The internet and the democratizaiton of the tools of creation, has had effects on all areas of expression. Visually, the proliferation of design blogs and designers is a testament to people’s desire to make the world a more attractive place. In some shape or form, we are all designers today. We craft our online representation of ourselves. But the digital realm has also been a great repository for the written word. From the haiku-like grace of a well-crafted 140 character tweet, to lugubrious rants on popular blogs, to incoherent comments at the bottom of interesting articles, we are all readers and all writers today.

So what does the future of the publishing industry look like? Well, shortly befor the fanfare surrounding the Kindle Fire launch last week, it would seem that sales of ebooks have been reassuringly robust. Contrarily to record labels in the music industry, I’m pretty sure there will always be a central place for publishers in the world of literature. Their role will evolve, undoubtedly, bit it will remain critical. While you can bang out a track in a few hours using Garage Band with a few mates, the process of crafting a novel or major work of non-fiction requires proofreaders, editors and designers. The end product is very rarely the same as the initial manuscript.

Even some authors who found success self-publishing their own e-books have now takingup deals with major publishing houses, because they couldn’t cope with all the processes that went together with being a successful writer. Plus, writers don’t have a way to make money
from the equivalent of concerts. They have to sell books to make a living.

Publishing will probably head towards a hybrid model. A model that associates digital and print. Some books I can see as being exclusively digital, such as hefty textbooks or travel guides. Or Tablets for Dummies. There are already companies such as Kno, who have tapped into the lucrative textbook market. And they’ll also be helping conserve the spines of generations of future students that wont have to lug 10 kilo textbooks around with them anymore, but still have functionality such as highlighting and margin notes.

But some books people will still want to receive in physical form, which explains the robustness of sales of hardbacks. Items like the Kindle Fire help in creating this dual environment. They provide interesting price-points and cloud-based storage. This can be ideal for the types of books people will want to consume digitally. One drawback is probably the fact it ties you in to Amazon, one company, whereas I think people tend to strive for a more cross-platform solutions that work on a multitude of devices.

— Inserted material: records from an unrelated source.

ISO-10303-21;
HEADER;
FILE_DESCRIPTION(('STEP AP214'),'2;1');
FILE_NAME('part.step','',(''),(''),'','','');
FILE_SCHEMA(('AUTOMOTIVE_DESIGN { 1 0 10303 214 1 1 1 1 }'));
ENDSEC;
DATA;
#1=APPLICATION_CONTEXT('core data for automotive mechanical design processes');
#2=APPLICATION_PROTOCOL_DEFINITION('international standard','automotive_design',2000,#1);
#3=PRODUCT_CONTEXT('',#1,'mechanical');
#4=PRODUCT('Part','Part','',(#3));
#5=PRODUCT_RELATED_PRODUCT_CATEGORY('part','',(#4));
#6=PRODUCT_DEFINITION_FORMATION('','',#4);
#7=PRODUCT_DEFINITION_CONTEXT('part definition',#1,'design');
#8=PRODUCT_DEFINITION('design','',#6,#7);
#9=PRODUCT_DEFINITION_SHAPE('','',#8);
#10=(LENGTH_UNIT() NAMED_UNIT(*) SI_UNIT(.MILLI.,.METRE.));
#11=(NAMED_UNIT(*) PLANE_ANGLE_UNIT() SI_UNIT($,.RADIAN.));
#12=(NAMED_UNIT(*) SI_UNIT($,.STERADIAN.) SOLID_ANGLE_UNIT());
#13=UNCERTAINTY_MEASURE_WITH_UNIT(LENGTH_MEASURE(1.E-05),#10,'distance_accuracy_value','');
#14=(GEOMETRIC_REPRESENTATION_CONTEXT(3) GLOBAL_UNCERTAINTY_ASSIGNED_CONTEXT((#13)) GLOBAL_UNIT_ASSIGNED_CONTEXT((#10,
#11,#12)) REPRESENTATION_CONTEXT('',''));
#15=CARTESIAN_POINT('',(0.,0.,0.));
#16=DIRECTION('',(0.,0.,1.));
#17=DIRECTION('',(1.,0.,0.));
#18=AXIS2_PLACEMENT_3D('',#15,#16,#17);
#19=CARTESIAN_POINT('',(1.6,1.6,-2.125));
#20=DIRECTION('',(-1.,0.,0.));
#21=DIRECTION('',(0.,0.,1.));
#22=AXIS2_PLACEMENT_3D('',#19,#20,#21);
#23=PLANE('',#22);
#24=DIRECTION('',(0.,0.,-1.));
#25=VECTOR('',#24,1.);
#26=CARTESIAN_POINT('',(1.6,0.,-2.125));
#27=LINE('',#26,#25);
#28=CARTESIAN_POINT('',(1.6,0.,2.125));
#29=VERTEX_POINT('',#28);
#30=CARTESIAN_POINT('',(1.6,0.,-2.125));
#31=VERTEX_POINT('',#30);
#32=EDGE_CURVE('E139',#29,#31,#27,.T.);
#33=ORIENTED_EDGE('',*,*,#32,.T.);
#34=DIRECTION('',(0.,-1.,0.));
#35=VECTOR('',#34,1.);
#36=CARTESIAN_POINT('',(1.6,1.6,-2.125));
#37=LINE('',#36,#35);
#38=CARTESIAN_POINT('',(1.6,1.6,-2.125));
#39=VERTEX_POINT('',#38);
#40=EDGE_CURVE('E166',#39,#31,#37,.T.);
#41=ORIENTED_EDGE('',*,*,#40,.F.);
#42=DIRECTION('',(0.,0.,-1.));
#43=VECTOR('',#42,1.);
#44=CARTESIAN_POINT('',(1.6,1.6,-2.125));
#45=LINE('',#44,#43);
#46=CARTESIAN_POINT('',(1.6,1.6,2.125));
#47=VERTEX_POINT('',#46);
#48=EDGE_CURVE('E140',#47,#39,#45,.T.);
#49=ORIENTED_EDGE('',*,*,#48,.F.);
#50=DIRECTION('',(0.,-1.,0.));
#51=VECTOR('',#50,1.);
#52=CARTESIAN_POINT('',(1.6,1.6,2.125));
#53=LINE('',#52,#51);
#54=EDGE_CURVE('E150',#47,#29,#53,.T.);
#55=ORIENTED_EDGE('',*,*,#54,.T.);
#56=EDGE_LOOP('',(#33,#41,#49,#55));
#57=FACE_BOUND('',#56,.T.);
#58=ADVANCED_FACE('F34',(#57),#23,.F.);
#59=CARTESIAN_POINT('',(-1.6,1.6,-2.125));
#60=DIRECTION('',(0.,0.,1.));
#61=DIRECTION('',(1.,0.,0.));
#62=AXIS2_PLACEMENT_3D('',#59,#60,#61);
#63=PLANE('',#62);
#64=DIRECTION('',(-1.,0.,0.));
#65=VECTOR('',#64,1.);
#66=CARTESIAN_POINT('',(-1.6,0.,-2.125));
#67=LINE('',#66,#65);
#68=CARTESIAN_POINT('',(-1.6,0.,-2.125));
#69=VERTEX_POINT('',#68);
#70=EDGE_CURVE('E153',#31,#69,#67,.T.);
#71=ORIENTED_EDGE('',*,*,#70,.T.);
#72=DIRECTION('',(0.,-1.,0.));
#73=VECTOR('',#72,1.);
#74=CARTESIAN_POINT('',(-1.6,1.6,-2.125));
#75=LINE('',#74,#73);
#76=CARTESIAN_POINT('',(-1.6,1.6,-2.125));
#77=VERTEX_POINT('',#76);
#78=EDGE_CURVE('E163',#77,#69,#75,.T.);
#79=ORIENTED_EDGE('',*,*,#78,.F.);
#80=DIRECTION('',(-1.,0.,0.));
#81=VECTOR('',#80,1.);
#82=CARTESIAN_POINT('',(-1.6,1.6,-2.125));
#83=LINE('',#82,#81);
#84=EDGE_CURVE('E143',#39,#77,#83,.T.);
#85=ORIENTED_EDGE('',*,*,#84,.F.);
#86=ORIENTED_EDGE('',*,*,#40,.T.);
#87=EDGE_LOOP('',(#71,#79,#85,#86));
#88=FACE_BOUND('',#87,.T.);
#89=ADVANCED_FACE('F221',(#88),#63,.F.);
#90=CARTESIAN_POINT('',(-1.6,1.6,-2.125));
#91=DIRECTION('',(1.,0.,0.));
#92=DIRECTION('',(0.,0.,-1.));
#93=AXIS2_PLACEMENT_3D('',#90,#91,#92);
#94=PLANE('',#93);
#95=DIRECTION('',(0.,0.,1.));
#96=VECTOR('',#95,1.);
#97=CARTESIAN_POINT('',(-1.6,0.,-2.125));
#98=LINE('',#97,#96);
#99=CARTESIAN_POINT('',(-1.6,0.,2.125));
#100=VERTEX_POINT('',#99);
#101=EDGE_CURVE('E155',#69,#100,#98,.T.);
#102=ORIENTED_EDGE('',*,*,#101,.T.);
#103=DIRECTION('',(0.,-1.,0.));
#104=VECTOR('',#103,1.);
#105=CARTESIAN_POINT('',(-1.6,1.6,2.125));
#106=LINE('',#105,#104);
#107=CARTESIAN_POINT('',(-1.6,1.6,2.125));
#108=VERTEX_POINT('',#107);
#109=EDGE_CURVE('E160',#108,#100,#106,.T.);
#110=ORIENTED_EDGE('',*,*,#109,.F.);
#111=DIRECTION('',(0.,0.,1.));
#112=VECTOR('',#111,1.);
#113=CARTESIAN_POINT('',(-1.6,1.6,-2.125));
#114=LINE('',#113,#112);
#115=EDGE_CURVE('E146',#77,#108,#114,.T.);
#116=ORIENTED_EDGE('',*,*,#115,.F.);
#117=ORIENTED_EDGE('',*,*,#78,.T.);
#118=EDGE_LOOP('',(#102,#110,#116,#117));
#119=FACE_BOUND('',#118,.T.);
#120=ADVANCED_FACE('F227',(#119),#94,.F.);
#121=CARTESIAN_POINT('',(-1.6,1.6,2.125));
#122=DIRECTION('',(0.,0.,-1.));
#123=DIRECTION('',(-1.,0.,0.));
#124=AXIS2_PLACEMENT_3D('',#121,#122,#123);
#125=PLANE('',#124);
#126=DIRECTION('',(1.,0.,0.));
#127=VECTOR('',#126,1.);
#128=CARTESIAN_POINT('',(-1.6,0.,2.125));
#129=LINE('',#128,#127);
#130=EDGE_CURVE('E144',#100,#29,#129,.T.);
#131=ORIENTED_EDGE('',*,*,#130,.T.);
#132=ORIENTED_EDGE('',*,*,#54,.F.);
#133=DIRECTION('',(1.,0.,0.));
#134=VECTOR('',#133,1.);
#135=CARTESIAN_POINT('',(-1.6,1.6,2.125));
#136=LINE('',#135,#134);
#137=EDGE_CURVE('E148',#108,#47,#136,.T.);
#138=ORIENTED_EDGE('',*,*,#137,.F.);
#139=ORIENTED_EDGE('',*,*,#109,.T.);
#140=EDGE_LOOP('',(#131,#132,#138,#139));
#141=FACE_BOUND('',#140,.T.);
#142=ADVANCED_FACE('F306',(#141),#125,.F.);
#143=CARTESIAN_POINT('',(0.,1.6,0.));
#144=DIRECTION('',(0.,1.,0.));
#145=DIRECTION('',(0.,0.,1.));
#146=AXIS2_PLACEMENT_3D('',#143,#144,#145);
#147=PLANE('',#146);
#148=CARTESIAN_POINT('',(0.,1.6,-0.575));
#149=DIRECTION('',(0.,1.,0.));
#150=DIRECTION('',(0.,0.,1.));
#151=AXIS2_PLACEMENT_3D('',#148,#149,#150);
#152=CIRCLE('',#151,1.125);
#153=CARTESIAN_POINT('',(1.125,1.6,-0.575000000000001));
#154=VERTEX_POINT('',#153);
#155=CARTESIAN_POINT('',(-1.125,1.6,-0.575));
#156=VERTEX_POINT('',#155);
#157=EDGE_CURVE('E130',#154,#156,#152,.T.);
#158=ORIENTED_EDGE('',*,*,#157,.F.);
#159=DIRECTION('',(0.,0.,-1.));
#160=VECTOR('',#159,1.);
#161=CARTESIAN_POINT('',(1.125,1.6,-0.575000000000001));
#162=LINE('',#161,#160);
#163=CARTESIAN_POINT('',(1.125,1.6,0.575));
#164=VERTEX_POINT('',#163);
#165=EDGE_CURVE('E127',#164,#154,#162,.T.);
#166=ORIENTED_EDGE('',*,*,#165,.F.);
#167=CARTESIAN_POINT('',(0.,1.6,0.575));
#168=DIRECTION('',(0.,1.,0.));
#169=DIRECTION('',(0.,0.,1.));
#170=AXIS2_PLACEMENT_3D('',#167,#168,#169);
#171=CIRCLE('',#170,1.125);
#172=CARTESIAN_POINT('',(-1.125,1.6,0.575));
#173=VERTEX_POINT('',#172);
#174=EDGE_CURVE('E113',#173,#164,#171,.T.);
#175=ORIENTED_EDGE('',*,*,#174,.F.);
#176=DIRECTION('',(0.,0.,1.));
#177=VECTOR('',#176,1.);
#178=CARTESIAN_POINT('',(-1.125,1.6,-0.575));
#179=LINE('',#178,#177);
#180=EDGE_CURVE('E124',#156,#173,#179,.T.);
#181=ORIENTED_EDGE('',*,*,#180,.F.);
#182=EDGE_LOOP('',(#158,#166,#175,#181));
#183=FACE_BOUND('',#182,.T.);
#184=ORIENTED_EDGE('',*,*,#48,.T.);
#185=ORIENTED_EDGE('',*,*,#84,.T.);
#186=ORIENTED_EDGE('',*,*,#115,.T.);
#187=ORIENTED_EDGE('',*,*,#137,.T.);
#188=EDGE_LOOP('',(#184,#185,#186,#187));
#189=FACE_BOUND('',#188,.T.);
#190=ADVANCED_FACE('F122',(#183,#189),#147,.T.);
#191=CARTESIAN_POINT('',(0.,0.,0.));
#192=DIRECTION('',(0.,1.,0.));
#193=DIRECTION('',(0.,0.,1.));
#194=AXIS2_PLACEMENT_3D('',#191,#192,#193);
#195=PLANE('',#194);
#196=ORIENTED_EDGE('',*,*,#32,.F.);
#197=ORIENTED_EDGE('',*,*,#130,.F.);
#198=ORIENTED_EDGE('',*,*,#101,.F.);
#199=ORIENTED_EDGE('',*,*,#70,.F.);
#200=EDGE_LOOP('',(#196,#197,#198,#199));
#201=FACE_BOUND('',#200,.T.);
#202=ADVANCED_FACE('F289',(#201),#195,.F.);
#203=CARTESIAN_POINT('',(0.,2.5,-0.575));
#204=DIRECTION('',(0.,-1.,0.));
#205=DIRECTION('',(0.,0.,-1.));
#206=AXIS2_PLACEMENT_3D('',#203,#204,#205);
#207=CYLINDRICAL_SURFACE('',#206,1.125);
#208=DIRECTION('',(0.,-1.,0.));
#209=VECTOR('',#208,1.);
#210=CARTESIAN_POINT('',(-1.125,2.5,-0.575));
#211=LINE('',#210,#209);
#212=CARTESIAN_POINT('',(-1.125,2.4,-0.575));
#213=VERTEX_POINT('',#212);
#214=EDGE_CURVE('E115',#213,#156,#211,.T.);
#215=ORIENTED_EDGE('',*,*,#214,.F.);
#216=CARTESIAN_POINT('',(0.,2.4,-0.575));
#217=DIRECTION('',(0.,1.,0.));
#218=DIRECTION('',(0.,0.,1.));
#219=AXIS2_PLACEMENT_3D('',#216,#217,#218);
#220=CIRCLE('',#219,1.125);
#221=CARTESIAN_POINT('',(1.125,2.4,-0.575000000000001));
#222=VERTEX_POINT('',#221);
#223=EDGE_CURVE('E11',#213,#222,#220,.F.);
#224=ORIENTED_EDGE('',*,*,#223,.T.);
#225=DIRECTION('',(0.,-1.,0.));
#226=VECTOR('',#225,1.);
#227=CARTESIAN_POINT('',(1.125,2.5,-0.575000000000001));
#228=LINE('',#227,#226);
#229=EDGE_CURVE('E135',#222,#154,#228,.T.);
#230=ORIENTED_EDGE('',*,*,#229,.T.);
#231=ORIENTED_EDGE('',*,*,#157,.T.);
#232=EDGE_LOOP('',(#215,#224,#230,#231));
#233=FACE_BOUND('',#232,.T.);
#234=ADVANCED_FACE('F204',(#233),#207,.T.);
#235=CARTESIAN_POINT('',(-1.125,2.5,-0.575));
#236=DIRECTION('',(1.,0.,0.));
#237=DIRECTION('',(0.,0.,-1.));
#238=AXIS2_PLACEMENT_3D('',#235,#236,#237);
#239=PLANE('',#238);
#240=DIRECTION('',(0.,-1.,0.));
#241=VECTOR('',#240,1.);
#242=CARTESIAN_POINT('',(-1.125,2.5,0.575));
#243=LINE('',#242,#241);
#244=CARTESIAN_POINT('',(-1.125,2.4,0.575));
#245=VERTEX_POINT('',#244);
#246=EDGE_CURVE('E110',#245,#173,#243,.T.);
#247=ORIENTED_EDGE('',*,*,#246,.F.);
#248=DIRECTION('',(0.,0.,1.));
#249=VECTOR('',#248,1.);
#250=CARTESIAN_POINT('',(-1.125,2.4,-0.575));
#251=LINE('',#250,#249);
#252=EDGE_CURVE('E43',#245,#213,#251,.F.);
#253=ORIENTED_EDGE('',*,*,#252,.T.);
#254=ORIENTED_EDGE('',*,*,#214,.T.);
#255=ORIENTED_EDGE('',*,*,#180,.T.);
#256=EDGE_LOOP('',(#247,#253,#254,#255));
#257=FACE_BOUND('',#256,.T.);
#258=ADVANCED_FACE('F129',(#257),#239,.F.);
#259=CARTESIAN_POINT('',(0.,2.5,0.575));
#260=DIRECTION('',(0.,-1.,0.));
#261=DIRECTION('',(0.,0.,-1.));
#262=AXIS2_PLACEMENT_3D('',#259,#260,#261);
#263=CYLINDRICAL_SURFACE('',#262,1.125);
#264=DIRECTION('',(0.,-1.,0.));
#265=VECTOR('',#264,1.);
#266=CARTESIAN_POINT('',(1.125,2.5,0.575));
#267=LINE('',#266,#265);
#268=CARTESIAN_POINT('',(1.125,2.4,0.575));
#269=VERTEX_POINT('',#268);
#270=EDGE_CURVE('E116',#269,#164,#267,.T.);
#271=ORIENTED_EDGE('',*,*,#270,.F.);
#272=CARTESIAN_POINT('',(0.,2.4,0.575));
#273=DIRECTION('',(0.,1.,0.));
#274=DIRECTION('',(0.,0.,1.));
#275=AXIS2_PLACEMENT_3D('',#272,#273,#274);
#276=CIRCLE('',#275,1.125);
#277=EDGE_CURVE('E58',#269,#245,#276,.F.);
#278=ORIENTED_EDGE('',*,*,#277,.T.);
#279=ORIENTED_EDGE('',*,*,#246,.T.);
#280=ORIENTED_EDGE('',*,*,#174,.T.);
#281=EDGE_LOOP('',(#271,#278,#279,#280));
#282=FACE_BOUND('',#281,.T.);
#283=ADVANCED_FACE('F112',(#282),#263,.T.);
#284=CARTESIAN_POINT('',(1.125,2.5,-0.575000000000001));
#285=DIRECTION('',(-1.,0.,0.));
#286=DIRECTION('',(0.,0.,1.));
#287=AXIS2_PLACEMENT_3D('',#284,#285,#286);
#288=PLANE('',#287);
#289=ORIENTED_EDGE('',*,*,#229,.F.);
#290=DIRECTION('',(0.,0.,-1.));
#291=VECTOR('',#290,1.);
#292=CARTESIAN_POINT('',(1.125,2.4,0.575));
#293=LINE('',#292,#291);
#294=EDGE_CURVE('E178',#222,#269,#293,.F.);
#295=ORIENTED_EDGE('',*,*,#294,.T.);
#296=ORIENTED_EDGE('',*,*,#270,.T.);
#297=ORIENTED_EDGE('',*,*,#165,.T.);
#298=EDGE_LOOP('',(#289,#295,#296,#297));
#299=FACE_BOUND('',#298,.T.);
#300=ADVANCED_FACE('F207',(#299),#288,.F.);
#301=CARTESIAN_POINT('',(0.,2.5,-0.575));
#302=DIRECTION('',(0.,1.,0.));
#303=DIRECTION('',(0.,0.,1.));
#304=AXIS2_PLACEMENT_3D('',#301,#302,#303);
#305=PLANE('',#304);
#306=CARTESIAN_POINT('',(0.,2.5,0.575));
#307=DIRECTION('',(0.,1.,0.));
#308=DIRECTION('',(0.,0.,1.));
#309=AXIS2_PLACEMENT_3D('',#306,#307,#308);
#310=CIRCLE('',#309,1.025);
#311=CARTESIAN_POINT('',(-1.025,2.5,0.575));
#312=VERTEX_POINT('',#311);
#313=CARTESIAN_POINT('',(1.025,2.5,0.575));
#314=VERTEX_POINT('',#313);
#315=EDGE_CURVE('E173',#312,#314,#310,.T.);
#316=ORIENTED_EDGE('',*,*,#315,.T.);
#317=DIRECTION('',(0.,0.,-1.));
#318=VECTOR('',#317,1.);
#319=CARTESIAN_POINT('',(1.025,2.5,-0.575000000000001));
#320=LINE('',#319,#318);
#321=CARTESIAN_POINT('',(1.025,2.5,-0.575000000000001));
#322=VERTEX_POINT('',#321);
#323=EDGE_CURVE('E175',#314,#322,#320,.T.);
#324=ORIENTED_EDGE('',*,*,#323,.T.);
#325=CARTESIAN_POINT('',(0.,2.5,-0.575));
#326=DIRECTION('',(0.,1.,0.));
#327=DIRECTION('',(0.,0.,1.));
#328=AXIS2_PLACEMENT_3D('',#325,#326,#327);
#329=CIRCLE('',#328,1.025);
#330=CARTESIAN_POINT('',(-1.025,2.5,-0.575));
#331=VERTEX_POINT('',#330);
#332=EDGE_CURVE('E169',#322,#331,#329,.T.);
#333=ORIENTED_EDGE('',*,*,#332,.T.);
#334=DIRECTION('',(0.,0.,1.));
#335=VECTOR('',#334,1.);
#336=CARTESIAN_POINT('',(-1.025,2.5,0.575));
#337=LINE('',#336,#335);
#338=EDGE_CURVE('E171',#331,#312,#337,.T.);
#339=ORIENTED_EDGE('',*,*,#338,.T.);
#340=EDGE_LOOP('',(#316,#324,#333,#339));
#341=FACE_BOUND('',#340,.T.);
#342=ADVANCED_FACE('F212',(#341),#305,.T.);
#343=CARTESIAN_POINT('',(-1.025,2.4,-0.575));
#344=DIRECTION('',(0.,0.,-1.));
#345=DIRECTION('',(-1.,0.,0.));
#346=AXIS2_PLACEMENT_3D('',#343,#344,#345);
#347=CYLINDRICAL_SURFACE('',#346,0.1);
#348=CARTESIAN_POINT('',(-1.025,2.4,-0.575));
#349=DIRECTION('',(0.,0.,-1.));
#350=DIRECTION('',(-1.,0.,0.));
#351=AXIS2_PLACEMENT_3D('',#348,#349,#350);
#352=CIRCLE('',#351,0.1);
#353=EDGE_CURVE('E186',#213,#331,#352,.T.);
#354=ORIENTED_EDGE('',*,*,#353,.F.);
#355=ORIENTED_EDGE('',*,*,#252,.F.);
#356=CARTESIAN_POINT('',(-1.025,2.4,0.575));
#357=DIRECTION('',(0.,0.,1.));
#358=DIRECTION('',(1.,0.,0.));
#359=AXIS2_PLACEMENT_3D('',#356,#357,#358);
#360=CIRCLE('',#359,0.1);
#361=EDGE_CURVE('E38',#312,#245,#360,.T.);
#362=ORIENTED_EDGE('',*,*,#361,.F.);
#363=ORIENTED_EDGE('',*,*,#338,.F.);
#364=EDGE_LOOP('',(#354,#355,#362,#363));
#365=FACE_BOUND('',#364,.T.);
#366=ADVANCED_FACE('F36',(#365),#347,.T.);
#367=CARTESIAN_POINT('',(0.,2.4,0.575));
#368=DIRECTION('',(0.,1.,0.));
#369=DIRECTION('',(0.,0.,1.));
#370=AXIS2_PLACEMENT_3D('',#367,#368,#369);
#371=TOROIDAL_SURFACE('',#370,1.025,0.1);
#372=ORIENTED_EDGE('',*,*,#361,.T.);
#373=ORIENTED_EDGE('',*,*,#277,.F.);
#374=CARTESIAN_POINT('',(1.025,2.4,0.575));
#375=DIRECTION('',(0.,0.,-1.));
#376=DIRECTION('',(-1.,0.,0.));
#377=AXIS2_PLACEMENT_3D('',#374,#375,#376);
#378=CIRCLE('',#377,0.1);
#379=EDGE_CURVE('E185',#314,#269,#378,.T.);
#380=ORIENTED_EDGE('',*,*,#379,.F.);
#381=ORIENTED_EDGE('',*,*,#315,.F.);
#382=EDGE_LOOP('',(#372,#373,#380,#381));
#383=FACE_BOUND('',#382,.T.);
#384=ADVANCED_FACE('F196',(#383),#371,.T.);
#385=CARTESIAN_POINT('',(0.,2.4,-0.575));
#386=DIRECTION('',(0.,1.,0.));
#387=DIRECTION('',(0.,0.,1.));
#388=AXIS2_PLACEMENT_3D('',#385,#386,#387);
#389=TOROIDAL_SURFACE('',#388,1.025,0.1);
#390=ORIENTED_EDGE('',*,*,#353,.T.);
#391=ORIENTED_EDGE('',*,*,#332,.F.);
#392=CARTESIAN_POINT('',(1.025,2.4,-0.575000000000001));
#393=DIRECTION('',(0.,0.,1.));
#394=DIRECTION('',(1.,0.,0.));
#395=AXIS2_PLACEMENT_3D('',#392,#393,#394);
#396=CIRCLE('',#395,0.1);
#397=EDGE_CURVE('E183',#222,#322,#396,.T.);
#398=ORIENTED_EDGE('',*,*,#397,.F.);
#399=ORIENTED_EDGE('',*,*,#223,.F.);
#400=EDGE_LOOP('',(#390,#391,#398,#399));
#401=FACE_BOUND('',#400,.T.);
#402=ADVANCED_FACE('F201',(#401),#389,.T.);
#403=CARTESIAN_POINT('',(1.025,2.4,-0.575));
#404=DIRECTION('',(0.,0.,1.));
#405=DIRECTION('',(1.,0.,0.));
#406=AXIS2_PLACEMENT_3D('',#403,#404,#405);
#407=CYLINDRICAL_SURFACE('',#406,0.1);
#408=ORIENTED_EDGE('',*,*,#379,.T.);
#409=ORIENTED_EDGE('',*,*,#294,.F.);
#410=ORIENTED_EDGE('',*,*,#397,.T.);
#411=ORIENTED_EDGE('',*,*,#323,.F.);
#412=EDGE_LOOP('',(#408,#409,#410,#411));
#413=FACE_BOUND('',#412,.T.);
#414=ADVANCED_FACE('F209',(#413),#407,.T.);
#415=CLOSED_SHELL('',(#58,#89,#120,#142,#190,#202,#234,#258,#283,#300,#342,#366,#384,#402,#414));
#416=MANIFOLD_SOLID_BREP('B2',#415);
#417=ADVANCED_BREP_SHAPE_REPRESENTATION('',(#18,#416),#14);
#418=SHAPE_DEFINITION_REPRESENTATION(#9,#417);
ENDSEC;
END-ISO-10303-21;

In conclusion, sales of ebooks should continue to increase for the foreseeable future, since the practicality for both reader and publisher is undeniable. But books as physical objects will remain, they will stock bookshelves and continue to give warmth and character to peoples lives and homes. The hybrid model could mean that when you go online to order the latest novel in hardback by your favourite novelist, you’ll immediately receive the ebook on your device, then you’ll receive the hardback in the post a few days later to enjoy a dual experience. That’s a future I can live with.